[[ MATERIAL FOR THE TASK, beginning ]]
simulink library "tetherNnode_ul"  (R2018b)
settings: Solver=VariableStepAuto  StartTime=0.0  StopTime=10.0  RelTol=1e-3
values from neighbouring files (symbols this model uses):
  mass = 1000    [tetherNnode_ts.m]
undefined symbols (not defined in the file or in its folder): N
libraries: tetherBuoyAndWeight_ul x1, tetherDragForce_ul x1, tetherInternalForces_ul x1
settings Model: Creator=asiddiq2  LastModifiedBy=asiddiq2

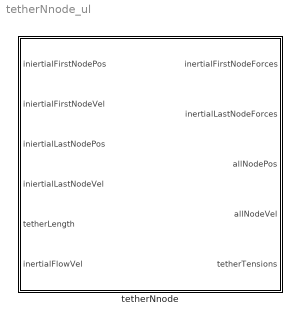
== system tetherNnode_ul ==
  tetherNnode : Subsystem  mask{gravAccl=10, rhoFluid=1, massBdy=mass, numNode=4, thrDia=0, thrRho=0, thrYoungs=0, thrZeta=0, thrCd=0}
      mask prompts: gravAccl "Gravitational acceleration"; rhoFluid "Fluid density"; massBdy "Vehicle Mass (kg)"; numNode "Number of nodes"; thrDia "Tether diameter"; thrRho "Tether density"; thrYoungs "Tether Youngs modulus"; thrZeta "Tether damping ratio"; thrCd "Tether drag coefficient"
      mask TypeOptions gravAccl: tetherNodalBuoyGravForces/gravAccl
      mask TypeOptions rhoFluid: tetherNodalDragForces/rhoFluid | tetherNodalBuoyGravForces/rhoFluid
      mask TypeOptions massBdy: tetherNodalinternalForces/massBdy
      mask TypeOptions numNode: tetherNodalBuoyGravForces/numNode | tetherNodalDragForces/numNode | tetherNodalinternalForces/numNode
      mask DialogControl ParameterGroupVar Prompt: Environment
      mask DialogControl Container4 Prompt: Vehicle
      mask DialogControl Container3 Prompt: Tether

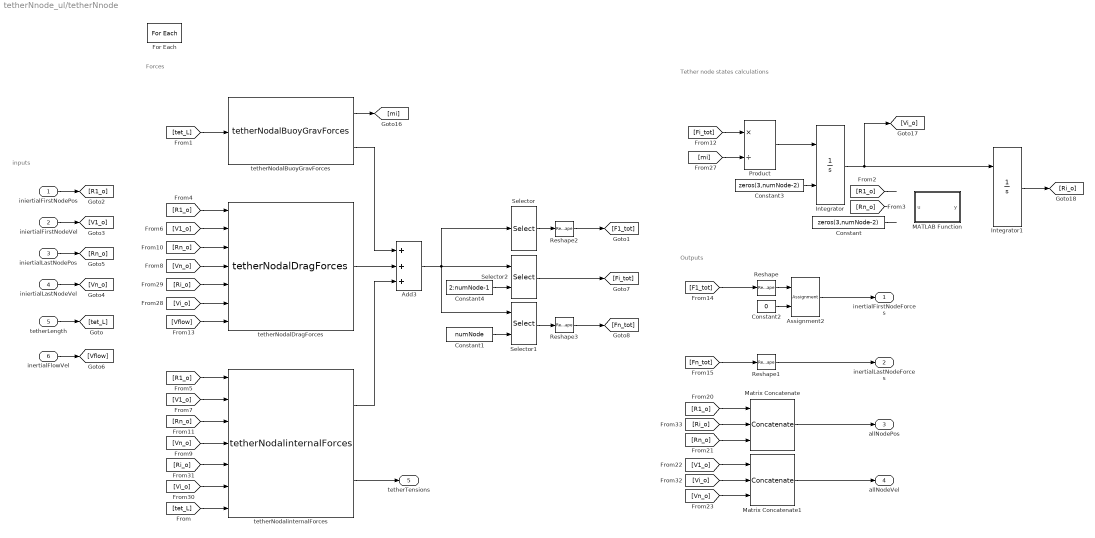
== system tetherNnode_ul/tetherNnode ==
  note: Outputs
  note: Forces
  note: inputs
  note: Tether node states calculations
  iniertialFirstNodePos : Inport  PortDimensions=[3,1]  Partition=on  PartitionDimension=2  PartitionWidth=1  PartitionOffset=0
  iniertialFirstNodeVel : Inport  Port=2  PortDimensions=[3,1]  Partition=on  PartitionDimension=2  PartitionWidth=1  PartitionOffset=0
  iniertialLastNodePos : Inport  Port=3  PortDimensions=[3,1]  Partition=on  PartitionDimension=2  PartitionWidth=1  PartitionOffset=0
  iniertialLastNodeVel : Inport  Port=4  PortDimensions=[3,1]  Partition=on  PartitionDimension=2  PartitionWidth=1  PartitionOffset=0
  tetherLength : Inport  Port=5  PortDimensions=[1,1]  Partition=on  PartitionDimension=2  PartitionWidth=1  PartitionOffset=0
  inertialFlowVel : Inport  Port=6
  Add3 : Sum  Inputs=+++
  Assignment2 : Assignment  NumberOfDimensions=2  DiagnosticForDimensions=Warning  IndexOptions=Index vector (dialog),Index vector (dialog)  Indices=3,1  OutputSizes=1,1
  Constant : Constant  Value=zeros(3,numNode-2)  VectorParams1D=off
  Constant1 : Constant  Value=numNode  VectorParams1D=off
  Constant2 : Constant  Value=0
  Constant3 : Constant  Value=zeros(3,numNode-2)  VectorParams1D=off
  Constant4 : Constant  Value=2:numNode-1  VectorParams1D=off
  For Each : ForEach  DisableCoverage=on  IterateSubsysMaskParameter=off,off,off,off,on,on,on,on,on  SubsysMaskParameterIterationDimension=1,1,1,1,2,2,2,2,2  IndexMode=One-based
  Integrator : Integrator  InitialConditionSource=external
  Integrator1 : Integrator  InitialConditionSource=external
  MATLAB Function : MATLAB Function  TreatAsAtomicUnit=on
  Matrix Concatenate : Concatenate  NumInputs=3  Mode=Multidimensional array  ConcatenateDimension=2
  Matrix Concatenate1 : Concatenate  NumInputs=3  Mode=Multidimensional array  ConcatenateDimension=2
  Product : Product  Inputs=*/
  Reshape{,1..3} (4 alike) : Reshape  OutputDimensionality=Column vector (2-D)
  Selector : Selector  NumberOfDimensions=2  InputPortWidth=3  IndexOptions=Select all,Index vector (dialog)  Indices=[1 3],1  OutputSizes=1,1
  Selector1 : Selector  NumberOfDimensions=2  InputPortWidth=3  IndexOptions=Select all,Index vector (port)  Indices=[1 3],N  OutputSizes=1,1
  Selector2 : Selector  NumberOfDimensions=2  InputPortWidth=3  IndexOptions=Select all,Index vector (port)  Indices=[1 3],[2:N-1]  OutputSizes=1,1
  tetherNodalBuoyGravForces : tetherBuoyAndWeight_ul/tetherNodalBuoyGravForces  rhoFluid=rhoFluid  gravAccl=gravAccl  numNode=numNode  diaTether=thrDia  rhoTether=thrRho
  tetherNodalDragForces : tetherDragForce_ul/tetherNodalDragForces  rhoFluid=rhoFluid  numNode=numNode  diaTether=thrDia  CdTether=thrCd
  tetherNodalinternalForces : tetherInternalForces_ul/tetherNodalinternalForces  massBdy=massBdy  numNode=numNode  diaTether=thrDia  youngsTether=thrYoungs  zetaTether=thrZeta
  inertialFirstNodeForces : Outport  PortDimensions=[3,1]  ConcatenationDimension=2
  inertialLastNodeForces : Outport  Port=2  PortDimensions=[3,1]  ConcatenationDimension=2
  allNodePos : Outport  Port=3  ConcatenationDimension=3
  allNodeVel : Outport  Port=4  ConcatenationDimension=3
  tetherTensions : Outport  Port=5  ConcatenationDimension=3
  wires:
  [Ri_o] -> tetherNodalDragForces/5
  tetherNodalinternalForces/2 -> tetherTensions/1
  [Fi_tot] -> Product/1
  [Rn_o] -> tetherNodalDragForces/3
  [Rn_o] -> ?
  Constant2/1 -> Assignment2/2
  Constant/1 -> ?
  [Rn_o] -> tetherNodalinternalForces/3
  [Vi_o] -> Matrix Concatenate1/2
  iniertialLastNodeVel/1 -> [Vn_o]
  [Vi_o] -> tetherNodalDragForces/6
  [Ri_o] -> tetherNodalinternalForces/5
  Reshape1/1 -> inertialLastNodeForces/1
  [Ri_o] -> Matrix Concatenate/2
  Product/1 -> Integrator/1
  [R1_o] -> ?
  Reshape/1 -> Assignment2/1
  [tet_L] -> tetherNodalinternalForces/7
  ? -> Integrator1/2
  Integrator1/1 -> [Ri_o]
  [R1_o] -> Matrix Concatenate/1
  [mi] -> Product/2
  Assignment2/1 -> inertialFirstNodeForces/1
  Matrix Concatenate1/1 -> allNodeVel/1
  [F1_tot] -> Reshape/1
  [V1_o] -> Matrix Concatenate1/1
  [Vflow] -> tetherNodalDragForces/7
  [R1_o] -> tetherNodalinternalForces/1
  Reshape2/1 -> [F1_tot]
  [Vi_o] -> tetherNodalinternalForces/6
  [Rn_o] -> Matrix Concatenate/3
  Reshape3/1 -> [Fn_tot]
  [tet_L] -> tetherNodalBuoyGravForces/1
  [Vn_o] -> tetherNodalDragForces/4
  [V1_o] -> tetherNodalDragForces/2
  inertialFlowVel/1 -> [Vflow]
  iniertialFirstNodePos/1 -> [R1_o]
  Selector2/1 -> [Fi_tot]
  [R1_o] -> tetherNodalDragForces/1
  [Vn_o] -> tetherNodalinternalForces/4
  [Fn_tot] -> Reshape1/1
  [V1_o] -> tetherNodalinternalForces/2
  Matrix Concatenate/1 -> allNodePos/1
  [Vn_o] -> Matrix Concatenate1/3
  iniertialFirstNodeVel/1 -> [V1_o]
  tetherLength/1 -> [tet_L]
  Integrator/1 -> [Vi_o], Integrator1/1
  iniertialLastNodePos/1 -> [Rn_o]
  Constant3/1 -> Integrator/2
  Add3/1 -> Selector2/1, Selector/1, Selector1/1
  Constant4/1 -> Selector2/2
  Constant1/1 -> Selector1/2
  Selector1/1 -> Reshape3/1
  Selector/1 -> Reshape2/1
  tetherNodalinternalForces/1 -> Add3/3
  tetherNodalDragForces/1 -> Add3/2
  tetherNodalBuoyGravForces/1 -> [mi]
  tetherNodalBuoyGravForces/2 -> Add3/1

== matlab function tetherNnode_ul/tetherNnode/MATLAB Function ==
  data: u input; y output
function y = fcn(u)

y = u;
[[ MATERIAL FOR THE TASK, end ]]
**ACTION ITEM**:
Look through the listing above. Pick out each line with "NumberOfDimensions" and copy it.

**SOLUTION FOR THIS EXERCISE**:
  Assignment2 : Assignment  NumberOfDimensions=2  DiagnosticForDimensions=Warning  IndexOptions=Index vector (dialog),Index vector (dialog)  Indices=3,1  OutputSizes=1,1
  Selector : Selector  NumberOfDimensions=2  InputPortWidth=3  IndexOptions=Select all,Index vector (dialog)  Indices=[1 3],1  OutputSizes=1,1
  Selector1 : Selector  NumberOfDimensions=2  InputPortWidth=3  IndexOptions=Select all,Index vector (port)  Indices=[1 3],N  OutputSizes=1,1
  Selector2 : Selector  NumberOfDimensions=2  InputPortWidth=3  IndexOptions=Select all,Index vector (port)  Indices=[1 3],[2:N-1]  OutputSizes=1,1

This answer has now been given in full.